■ About this task ■
Gather, from the data below, each line in which the word "mechanical" occurs.

Stored items
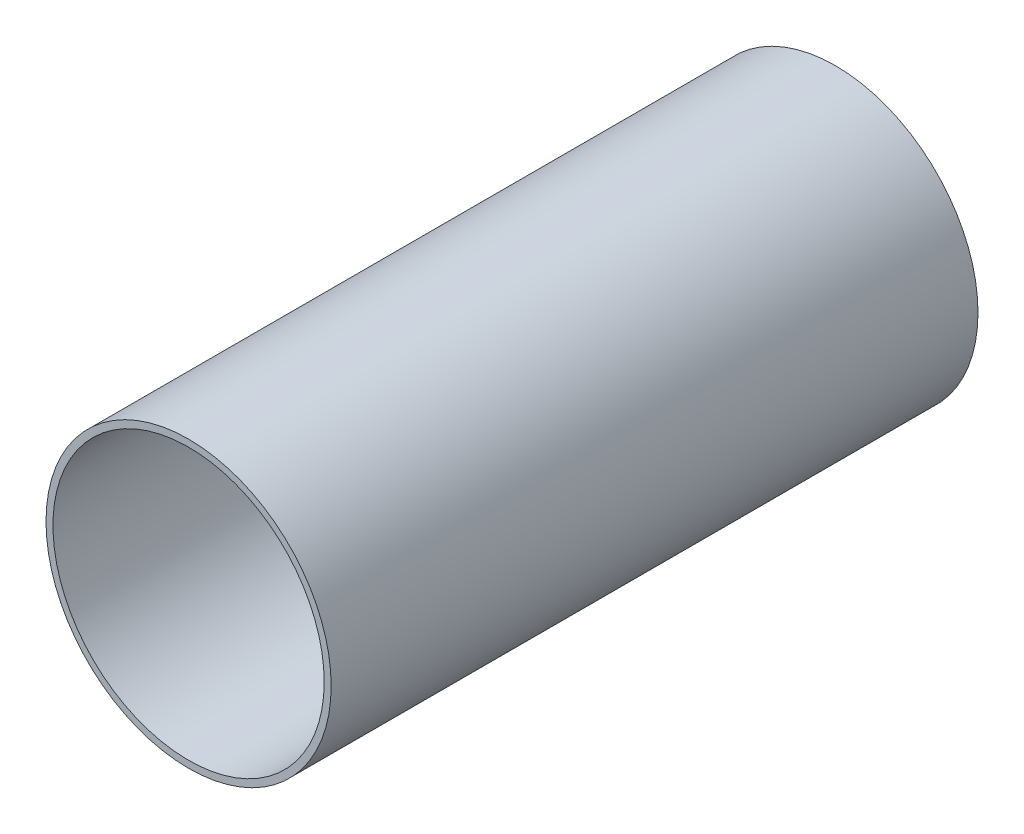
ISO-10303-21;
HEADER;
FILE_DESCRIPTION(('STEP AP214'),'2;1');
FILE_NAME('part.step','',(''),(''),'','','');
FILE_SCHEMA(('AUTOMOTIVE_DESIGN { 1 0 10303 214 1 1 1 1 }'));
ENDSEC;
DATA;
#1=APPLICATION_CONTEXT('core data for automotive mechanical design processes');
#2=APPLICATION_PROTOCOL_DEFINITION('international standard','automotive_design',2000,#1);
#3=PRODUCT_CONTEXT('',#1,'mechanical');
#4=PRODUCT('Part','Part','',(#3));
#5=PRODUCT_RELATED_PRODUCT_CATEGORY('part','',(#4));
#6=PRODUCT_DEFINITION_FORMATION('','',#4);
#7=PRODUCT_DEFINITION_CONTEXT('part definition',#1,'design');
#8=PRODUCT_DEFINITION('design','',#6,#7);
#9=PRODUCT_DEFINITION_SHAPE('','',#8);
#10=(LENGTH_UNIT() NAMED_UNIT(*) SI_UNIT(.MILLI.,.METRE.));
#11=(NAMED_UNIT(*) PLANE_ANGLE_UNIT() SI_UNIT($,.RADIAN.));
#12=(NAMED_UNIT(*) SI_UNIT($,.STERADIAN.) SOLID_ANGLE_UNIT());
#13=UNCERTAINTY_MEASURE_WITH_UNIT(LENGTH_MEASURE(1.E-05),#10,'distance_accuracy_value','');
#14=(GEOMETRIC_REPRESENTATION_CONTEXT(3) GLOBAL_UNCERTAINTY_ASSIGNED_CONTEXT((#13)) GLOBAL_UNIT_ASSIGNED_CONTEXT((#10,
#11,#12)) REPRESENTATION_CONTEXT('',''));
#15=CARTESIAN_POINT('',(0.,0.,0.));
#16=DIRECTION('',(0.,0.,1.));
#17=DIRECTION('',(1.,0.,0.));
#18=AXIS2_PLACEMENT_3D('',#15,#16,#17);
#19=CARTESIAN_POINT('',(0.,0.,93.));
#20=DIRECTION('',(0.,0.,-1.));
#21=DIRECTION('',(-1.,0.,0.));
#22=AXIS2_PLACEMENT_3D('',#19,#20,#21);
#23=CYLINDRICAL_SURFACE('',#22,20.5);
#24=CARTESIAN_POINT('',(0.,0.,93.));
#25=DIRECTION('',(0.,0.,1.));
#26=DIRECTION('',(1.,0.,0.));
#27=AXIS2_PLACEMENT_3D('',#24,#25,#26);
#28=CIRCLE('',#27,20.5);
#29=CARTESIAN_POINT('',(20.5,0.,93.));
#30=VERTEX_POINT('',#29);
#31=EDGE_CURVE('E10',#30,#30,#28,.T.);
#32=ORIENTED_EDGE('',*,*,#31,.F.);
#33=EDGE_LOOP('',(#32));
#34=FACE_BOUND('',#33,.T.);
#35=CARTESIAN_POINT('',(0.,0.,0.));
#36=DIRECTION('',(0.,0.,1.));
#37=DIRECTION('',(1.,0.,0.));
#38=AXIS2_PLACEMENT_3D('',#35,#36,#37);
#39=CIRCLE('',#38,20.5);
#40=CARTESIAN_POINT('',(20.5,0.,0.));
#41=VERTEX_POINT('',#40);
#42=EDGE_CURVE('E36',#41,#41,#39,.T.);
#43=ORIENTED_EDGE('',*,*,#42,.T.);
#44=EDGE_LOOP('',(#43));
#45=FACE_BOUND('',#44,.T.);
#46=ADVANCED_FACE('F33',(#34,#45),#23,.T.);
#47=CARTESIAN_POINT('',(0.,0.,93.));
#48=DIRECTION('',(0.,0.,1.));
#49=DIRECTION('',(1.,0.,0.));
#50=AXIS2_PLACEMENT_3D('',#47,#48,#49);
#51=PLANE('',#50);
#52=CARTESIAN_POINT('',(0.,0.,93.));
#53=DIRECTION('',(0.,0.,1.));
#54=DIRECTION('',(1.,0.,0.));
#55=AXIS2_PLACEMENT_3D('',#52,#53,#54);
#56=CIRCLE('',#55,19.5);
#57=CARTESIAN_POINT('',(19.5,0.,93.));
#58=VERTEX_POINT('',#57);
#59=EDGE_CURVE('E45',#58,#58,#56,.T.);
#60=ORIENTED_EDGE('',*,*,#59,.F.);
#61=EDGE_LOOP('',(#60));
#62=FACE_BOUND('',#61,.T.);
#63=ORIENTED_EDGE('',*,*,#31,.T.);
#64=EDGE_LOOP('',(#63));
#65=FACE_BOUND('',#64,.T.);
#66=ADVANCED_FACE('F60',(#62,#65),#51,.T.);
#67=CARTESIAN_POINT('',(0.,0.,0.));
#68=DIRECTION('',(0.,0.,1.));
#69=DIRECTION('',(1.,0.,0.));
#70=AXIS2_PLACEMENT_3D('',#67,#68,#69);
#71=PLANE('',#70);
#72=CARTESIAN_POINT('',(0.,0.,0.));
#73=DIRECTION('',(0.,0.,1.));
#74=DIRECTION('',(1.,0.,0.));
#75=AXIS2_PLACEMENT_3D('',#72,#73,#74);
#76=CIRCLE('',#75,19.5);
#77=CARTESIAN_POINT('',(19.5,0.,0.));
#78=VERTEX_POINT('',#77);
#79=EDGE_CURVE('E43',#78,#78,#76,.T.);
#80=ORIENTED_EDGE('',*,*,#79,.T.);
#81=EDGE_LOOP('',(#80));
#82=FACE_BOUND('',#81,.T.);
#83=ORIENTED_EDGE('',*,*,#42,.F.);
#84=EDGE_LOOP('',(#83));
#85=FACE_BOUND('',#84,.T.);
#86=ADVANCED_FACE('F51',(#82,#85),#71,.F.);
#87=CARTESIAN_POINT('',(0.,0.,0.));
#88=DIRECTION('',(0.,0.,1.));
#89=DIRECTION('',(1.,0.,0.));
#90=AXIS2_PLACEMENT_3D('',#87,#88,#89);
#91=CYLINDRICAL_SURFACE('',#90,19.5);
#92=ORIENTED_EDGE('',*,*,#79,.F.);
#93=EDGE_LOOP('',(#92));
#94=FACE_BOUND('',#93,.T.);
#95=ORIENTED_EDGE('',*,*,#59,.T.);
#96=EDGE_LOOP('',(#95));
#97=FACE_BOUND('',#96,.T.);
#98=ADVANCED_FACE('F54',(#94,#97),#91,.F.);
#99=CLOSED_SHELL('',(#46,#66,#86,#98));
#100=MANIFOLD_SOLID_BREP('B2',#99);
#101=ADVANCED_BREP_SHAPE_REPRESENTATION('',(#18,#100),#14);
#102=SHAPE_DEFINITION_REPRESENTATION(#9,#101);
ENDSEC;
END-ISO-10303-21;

■ Solution to the problem ■
#1=APPLICATION_CONTEXT('core data for automotive mechanical design processes');
#3=PRODUCT_CONTEXT('',#1,'mechanical');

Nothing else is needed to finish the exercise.